Summary and Final Thoughts

Only apply nested loops semi join can have a row goal set by the optimizer. This is the only join type that pushes the join predicate(s) down from the join, allowing testing for the existence of a match to be performed early. Uncorrelated nested loops semi join never sets a row goal, and neither does a hash or merge semi join. Apply nested loops can be distinguished from uncorrelated nested loops join by the presence of outer references (instead of a predicate) on the nested loops join operator for an apply.

The chances of seeing an apply semi join in the final execution plan somewhat depend on early optimization activity. Lacking direct T-SQL syntax, we have to express semi joins in indirect terms. These are parsed into a logical tree containing a subquery, which early optimizer activity transforms to an apply, and then into an uncorrelated semi join where possible.

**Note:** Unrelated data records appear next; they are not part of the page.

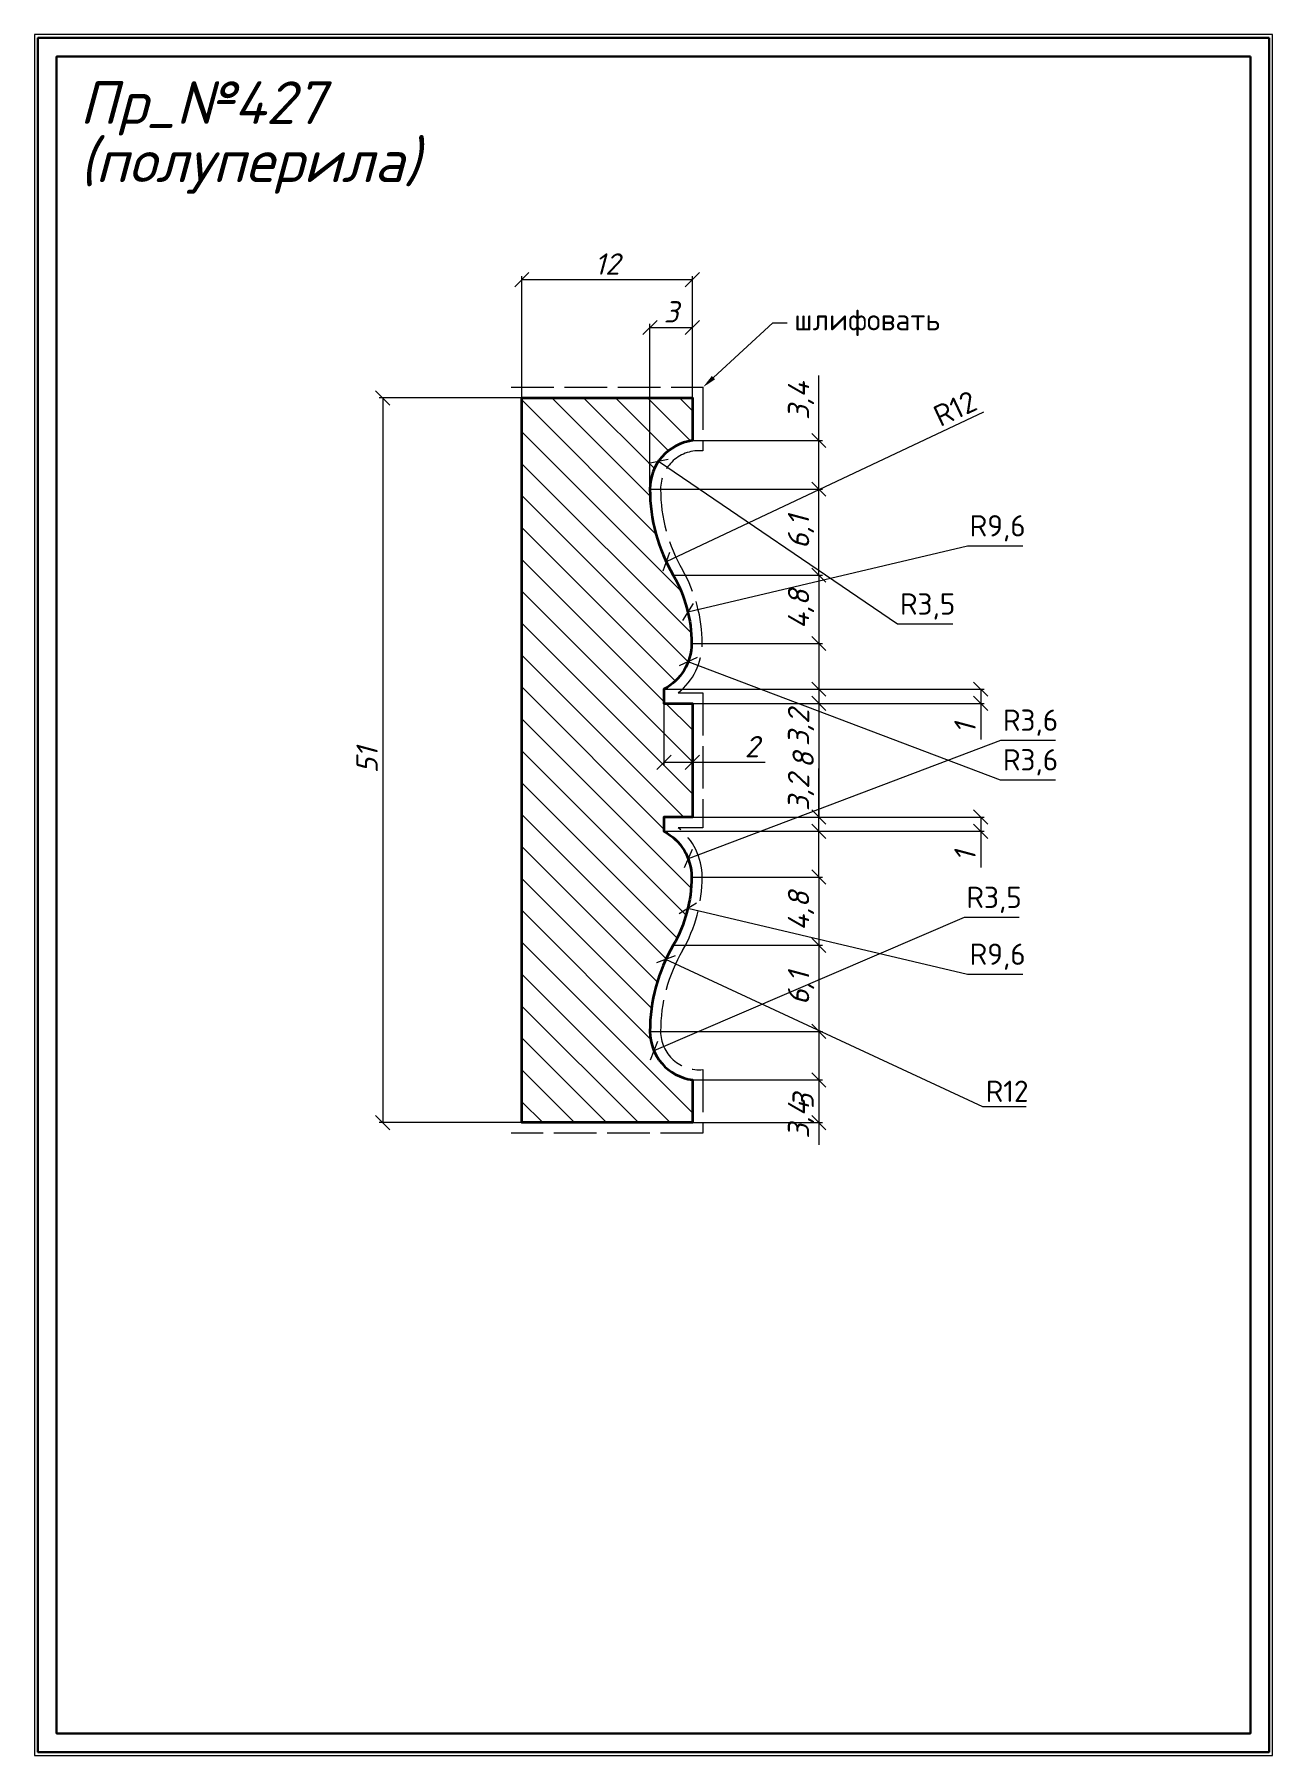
# Model space of a CAD drawing. Header units: millimetres. Extents: x 7439 to 7527, y -619 to -498.
import ezdxf
from ezdxf import colors
from ezdxf.entities.mleader import LeaderData, LeaderLine
from ezdxf.math import Vec2, Vec3

# ---------------------------------------------------------------- set-up
doc = ezdxf.new("R2010")
doc.units = ezdxf.units.MM
doc.linetypes.add('ACAD_ISO02W100', pattern=[15, 12, -3])
doc.layers.get('0').update_dxf_attribs({"lineweight": 13})
for name, color, linetype, lineweight in [('Пр_№427', 1, 'Continuous', 35), ('служебный слой ЛИНИИ ПУНКТИРНЫЕ', 7, 'ACAD_ISO02W100', 13), ('служебный слой НАДПИСИ', 7, 'Continuous', 13), ('служебный слой РАЗМЕРЫ', 7, 'Continuous', 9), ('служебный слой ШТАМП', 7, 'Continuous', 30), ('служебный слой ШТРИХОВКА', 7, 'Continuous', 5)]:
    doc.layers.add(name, color=color, linetype=linetype, lineweight=lineweight)
doc.styles.add('ЕСКД', font='isocpeur.ttf', dxfattribs={"oblique": 15})
doc.styles.add('ЕСКД профили размеры', font='isocpeur.ttf')
doc.styles.add('ЕСКД профили текст', font='isocpeur.ttf')
doc.dimstyles.new('ЕСКД', dxfattribs={"dimtxt": 3.5, "dimasz": 2.5, "dimexe": 0.25, "dimexo": 0, "dimgap": 0.35, "dimtad": 1, "dimdec": 1, "dimzin": 9, "dimtxsty": 'ЕСКД', "dimblk": 'OBLIQUE', "dimcen": 0, "dimclrd": 256, "dimclre": 256, "dimclrt": 256, "dimadec": 1, "dimazin": 0, "dimtfac": 1, "dimtdec": 1, "dimtmove": 0, "dimatfit": 3, "dimldrblk": 'DOTSMALL', "dimfxl": 1, "dimlwd": -1, "dimlwe": -1, "dimarcsym": 0})
doc.dimstyles.new('ЕСКД профили$4', dxfattribs={"dimtxt": 1.5, "dimasz": 1, "dimexe": 0.3, "dimexo": 0, "dimgap": 0.35, "dimtad": 1, "dimtoh": 1, "dimdec": 1, "dimzin": 9, "dimtxsty": 'ЕСКД профили размеры', "dimblk": 'OBLIQUE', "dimcen": 0, "dimse1": 1, "dimclrd": 256, "dimclre": 256, "dimclrt": 256, "dimadec": 1, "dimazin": 0, "dimtfac": 1, "dimtdec": 1, "dimtofl": 0, "dimtmove": 0, "dimatfit": 3, "dimldrblk": 'DOTSMALL', "dimfxl": 1, "dimlwd": -1, "dimlwe": -1, "dimarcsym": 2})

# ---------------------------------------------------------------- blocks, each defined once
blk = doc.blocks.new('_OBLIQUE')
at = {"color": 0, "linetype": 'ByBlock'}
blk.add_line((-0.5, -0.5), (0.5, 0.5), dxfattribs=at)
blk = doc.blocks.new('*D26')
at = {"layer": 'Defpoints', "color": 0, "transparency": 16777216}
for p in [(7489.380209234821, -566.3880447030133), (7486.207460287848, -567.7502092581108)]:
    blk.add_point(p, dxfattribs=at)
at = {"layer": 'служебный слой РАЗМЕРЫ', "transparency": 16777216}
for p, q in [((7504.857176482189, -559.7432781119164), (7483.034711340877, -569.1123738132083)), ((7508.732176482189, -559.7432781119164), (7504.857176482189, -559.7432781119164))]:
    blk.add_line(p, q, dxfattribs=at)
at = {"layer": 'служебный слой РАЗМЕРЫ', "transparency": 16777216, "rotation": 203.2354249104291}
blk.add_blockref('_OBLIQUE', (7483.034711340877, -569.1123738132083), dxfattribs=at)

This simplification activity determines whether a logical semi join is presented to the cost-based optimizer as an apply or regular semi join. When presented as a logical apply semi join, the CBO is almost certain to produce a final execution plan featuring physical apply nested loops (and so setting a row goal). When presented with an uncorrelated semi join, the CBO may consider transformation to an apply (or it may not). The final choice of plan is a series of cost-based decisions as usual.

Like all row goals, the semi join row goal can be a good or a bad thing for performance. Knowing that an apply semi join sets a row goal will at least help people recognise and address the cause if a problem should occur. The solution will not always (or even usually) be disabling row goals for the query. Improvements in indexing (and/or the query) can often be made to provide an efficient way to locate the first matching row.

I will cover anti semi joins in a separate article, continuing the row goals series.